The annual Pwn2Own Automotive hacking contest returned this week in Tokyo, bringing together some of the world’s top security researchers to probe the defenses of modern vehicle technology. Among the systems tested on day one was Tesla’s in-vehicle infotainment platform, which researchers managed to compromise under the contest’s tightly controlled rules.
On day one of Pwn2Own Automotive 2026, researchers demonstrated 37 previously unknown vulnerabilities—commonly referred to as zero-day exploits—across a range of automotive technologies. Among them was Tesla’s infotainment platform, which was targeted in the USB-based attack category.
The Synacktiv team, a familiar name at Pwn2Own events involving Tesla, successfully chained multiple vulnerabilities to gain root-level access to the system, earning a US$35,000 payout.
The exploit required physical access and relied on multiple flaws working together, a key distinction that separates research demonstrations from practical attacks. As with prior Tesla-related entries at Pwn2Own, the vehicle systems were fully patched before the competition began, ensuring researchers were working against Tesla’s latest publicly available software.

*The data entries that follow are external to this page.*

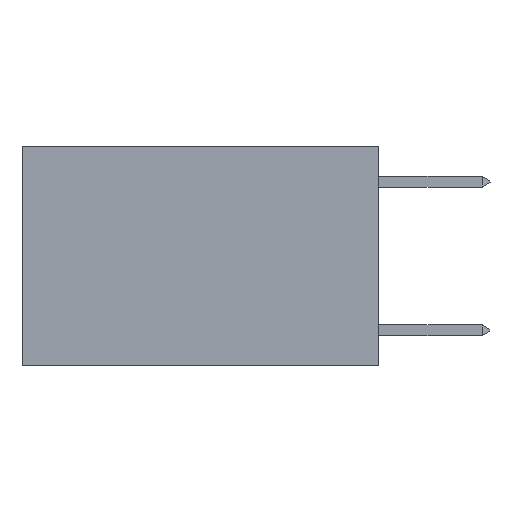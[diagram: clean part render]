
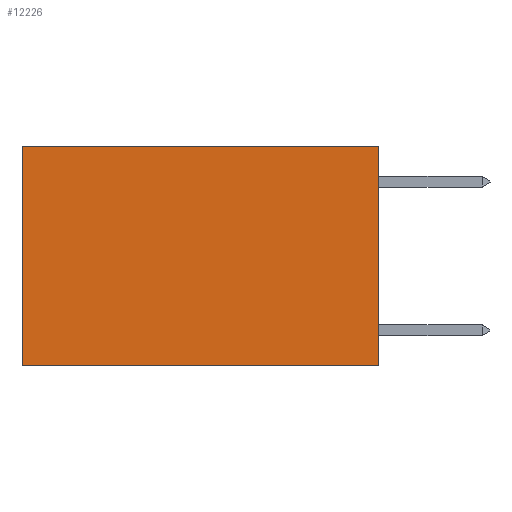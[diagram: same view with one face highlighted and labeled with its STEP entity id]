
A CAD part, left-side view. The second image highlights one B-rep face of the part: STEP entity #12226.
In plain terms, the highlighted planar face has unit normal (-1, 0, 0).
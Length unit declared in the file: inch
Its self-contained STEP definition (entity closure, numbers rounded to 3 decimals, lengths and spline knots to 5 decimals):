
#392 = ORIENTED_EDGE ( 'NONE', *, *, #13617, .T. ) ;
#1099 = FACE_OUTER_BOUND ( 'NONE', #6401, .T. ) ;
#2485 = PLANE ( 'NONE',  #18493 ) ;
#2990 = ORIENTED_EDGE ( 'NONE', *, *, #18546, .T. ) ;
#3396 = CARTESIAN_POINT ( 'NONE',  ( 0.2625, 0., 0. ) ) ;
#3580 = VERTEX_POINT ( 'NONE', #3747 ) ;
#3747 = CARTESIAN_POINT ( 'NONE',  ( 0.2625, 0., 0. ) ) ;
#4797 = LINE ( 'NONE', #6070, #12291 ) ;
#5006 = LINE ( 'NONE', #3396, #7377 ) ;
#5830 = VERTEX_POINT ( 'NONE', #14708 ) ;
#5993 = CARTESIAN_POINT ( 'NONE',  ( 0.2625, 0., 0. ) ) ;
#6070 = CARTESIAN_POINT ( 'NONE',  ( 0.2625, 0., 0. ) ) ;
#6401 = EDGE_LOOP ( 'NONE', ( #392, #18478, #11958, #2990 ) ) ;
#7154 = CARTESIAN_POINT ( 'NONE',  ( 0.2625, 0.6, 0. ) ) ;
#7377 = VECTOR ( 'NONE', #14934, 39.37008 ) ;
#7848 = EDGE_CURVE ( 'NONE', #3580, #5830, #4797, .T. ) ;
#7923 = EDGE_CURVE ( 'NONE', #5830, #9907, #19735, .T. ) ;
#9456 = CARTESIAN_POINT ( 'NONE',  ( 0.2625, 0.6, -0.37 ) ) ;
#9907 = VERTEX_POINT ( 'NONE', #9456 ) ;
#11707 = VECTOR ( 'NONE', #20425, 39.37008 ) ;
#11958 = ORIENTED_EDGE ( 'NONE', *, *, #7848, .F. ) ;
#11981 = VECTOR ( 'NONE', #13121, 39.37008 ) ;
#12226 = ADVANCED_FACE ( 'NONE', ( #1099 ), #2485, .F. ) ;
#12291 = VECTOR ( 'NONE', #12696, 39.37008 ) ;
#12696 = DIRECTION ( 'NONE',  ( 0., 0., -1. ) ) ;
#12749 = VERTEX_POINT ( 'NONE', #7154 ) ;
#13121 = DIRECTION ( 'NONE',  ( 0., 1., 0. ) ) ;
#13617 = EDGE_CURVE ( 'NONE', #12749, #9907, #14022, .T. ) ;
#14022 = LINE ( 'NONE', #18701, #11707 ) ;
#14708 = CARTESIAN_POINT ( 'NONE',  ( 0.2625, 0., -0.37 ) ) ;
#14934 = DIRECTION ( 'NONE',  ( 0., 1., 0. ) ) ;
#17088 = DIRECTION ( 'NONE',  ( 0., 0., -1. ) ) ;
#18114 = CARTESIAN_POINT ( 'NONE',  ( 0.2625, 0., -0.37 ) ) ;
#18478 = ORIENTED_EDGE ( 'NONE', *, *, #7923, .F. ) ;
#18493 = AXIS2_PLACEMENT_3D ( 'NONE', #5993, #18901, #17088 ) ;
#18546 = EDGE_CURVE ( 'NONE', #3580, #12749, #5006, .T. ) ;
#18701 = CARTESIAN_POINT ( 'NONE',  ( 0.2625, 0.6, 0. ) ) ;
#18901 = DIRECTION ( 'NONE',  ( 1., 0., 0. ) ) ;
#19735 = LINE ( 'NONE', #18114, #11981 ) ;
#20425 = DIRECTION ( 'NONE',  ( 0., 0., -1. ) ) ;

Tesla’s appearance at this year’s contest continues a long trend of participation in ethical hacking challenges. In previous years, researchers have demonstrated exploits against Tesla Wall Connectors, infotainment systems, and electronic control units (ECUs), sometimes earning six-figure rewards and even vehicles as prizes.
These efforts have consistently taken place under tightly controlled conditions, with findings disclosed privately to Tesla before any public release.
A core part of the Pwn2Own process is the 90-day disclosure window managed by Trend Micro’s Zero Day Initiative. During this period, Tesla and other affected vendors are given time to develop, test, and deploy security updates before technical details are published. For Tesla, this window aligns well with its over-the-air (OTA) update capability, allowing fixes to be rolled out rapidly without requiring service visits.
While the infotainment system was the focus of this year’s Tesla-related exploit, there was no indication that safety-critical driving systems were impacted. Tesla’s vehicle architecture separates infotainment functions from core driving controls, a design choice intended to limit the consequences of a successful breach.